** Opening SUPPLIED RECORDS block **

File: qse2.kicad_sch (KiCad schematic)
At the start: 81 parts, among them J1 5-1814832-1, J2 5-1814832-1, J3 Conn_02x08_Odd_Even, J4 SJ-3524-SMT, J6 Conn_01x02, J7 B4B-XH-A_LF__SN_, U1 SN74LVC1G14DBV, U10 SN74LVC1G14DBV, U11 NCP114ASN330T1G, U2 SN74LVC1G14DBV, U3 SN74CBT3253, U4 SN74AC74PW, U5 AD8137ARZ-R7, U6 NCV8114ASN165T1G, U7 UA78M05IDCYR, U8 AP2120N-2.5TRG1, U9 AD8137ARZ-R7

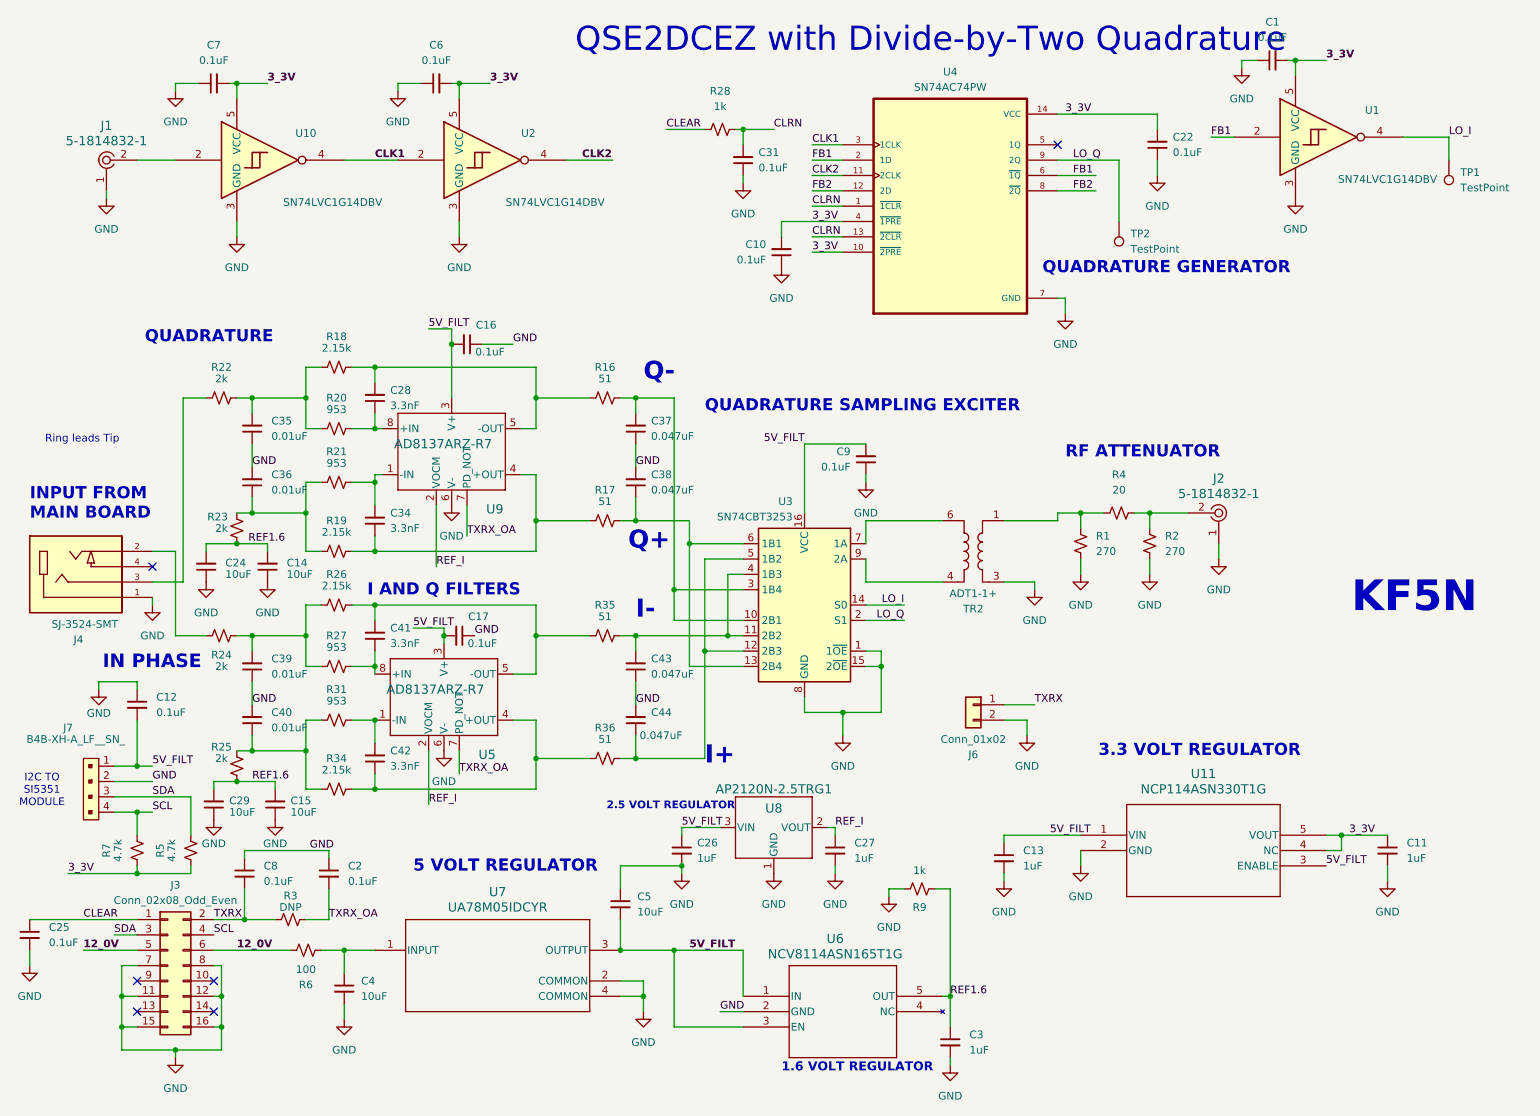
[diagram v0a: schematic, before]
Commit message: Work in progress. Changing reference sources due to supply chain issue.
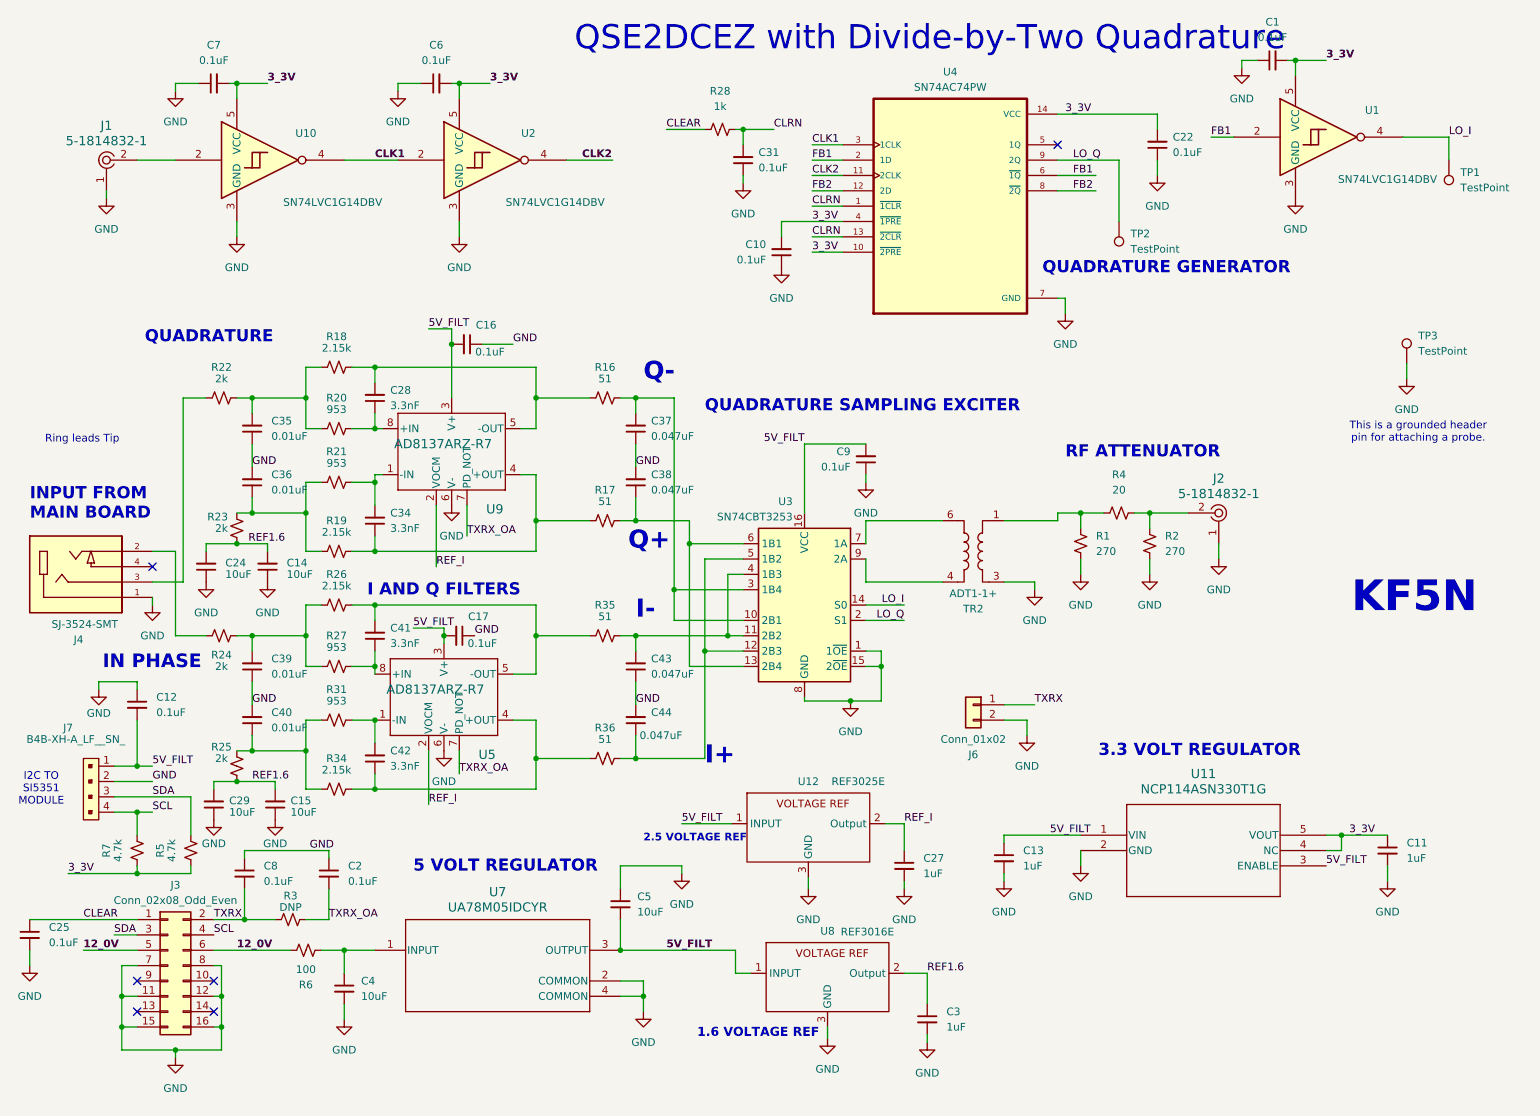
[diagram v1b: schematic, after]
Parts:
- removed C26: 1uF, Capacitor_SMD:C_1206_3216Metric, symbol Device:C_Small
- removed R9: 1k, Resistor_SMD:R_1206_3216Metric, symbol Device:R_Small_US
- removed U6: NCV8114ASN165T1G, TSOP-5-483-N_ONS, symbol NCP115ASN330T2G:NCP115ASN330T2G
- removed U8: AP2120N-2.5TRG1, AP2120N:SOT-23_DIO, symbol 2023-10-04_14-49-55:AP2120N-2.5TRG1
- added TP3: TestPoint, Connector_PinHeader_2.54mm:PinHeader_1x01_P2.54mm_Vertical, symbol Connector:TestPoint
- added U12: REF3025E, Package_TO_SOT_SMD:SOT-23-3, symbol TI_SOT23_vref:TI_SOT-23_vref
- added U8: REF3016E, Package_TO_SOT_SMD:SOT-23-3, symbol TI_SOT23_vref:TI_SOT-23_vref
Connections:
- net 5V_FILT: now also U12.1 (INPUT), U8.1 (INPUT)
- net GND: now also TP3.1, U12.3 (GND), U8.3 (GND)
- net REF1.6: now also U8.2 (Output)
- net REF_I: now also U12.2 (Output)
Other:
- note added: "1.6 VOLTAGE REF"
- note added: "2.5 VOLTAGE REF"
- note added: "This is a grounded header pin for attaching a probe."
- note removed: "1.6 VOLT REGULATOR"
- note removed: "2.5 VOLT REGULATOR"
- moved on the sheet: C27, C3

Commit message: Ready for release to fab.
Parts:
- removed C2: 0.1uF, Capacitor_SMD:C_1206_3216Metric, symbol Device:C_Small
- removed R3: DNP, Resistor_SMD:R_1206_3216Metric, symbol Device:R_Small_US
- removed U12: REF3025E, Package_TO_SOT_SMD:SOT-23-3, symbol TI_SOT23_vref:TI_SOT-23_vref
- added C18: 0.01uF, Capacitor_SMD:C_1206_3216Metric, symbol Device:C_Small
- added C30, C32: 1uF, Capacitor_SMD:C_1206_3216Metric, symbol Device:C_Small
- added R37: 2.2k, Resistor_SMD:R_1206_3216Metric, symbol Device:R_Small_US
- added U6: AP7343, Package_TO_SOT_SMD:TSOT-23-5, symbol AP7343-25W5-7:AP7343
- C27: value 1uF -> 10uF
- C8: value 0.1uF -> 0.01uF
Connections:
- net 5V_FILT: now also C30.1, C32.1, U6.1 (VIN), U6.3 (EN)
- net GND: now also C18.1, C30.2, C32.2, R37.1, U6.2 (GND)
- net REF_I: now also R37.2, U6.5 (VOUT)
- net TXRX: now also C18.2
- net TXRX_OA: no longer names the net of U9.7 (PD_NOT)
- net TXRX_OA: no longer U5.7 (PD_NOT)
- no-connect marks 6 -> 9
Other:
- moved on the sheet: C27

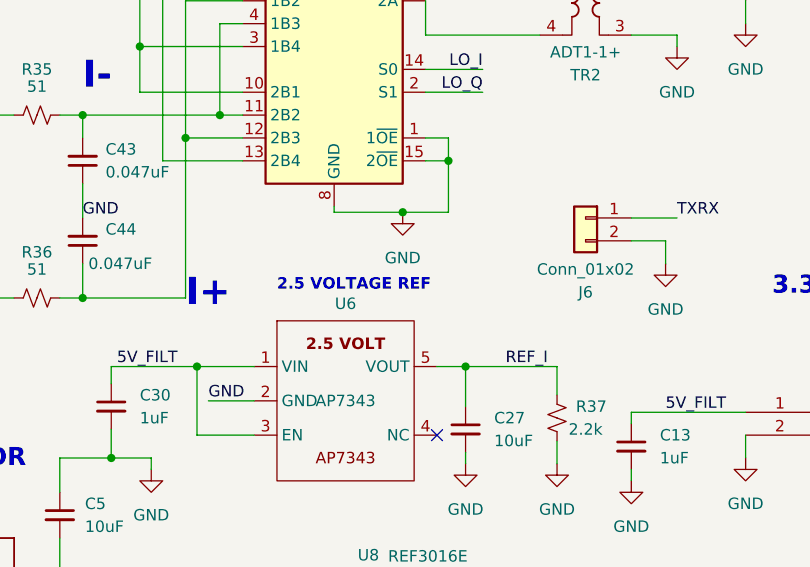
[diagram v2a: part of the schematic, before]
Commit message: Changed text on schematic, very minor change.
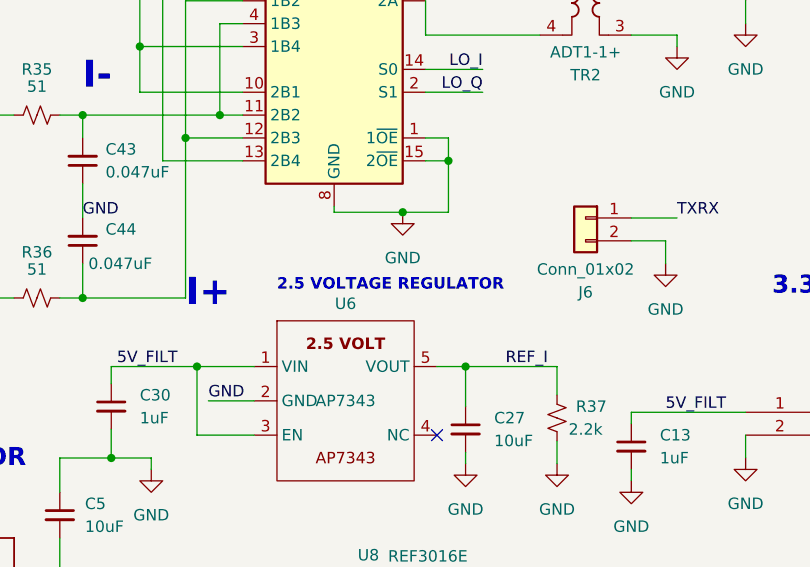
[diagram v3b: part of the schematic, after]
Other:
- note added: "2.5 VOLTAGE REGULATOR"
- note removed: "2.5 VOLTAGE REF"
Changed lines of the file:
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@@
 		)
 	)
-	(text "2.5 VOLTAGE REF"
+	(text "2.5 VOLTAGE REGULATOR"
 		(exclude_from_sim no)
 		(at 138.43 137.795 0)

** Closing SUPPLIED RECORDS block **

* TASK ITEM *
Using the data above, print exactly the lines from the line that contains "- removed U8: AP2120N-2.5TRG1, AP2120N:SOT-23_DIO, symbol" through the line that contains "- net 5V_FILT: now also U12.1", with both included.

* EXERCISE RESULT *
- removed U8: AP2120N-2.5TRG1, AP2120N:SOT-23_DIO, symbol 2023-10-04_14-49-55:AP2120N-2.5TRG1
- added TP3: TestPoint, Connector_PinHeader_2.54mm:PinHeader_1x01_P2.54mm_Vertical, symbol Connector:TestPoint
- added U12: REF3025E, Package_TO_SOT_SMD:SOT-23-3, symbol TI_SOT23_vref:TI_SOT-23_vref
- added U8: REF3016E, Package_TO_SOT_SMD:SOT-23-3, symbol TI_SOT23_vref:TI_SOT-23_vref
Connections:
- net 5V_FILT: now also U12.1 (INPUT), U8.1 (INPUT)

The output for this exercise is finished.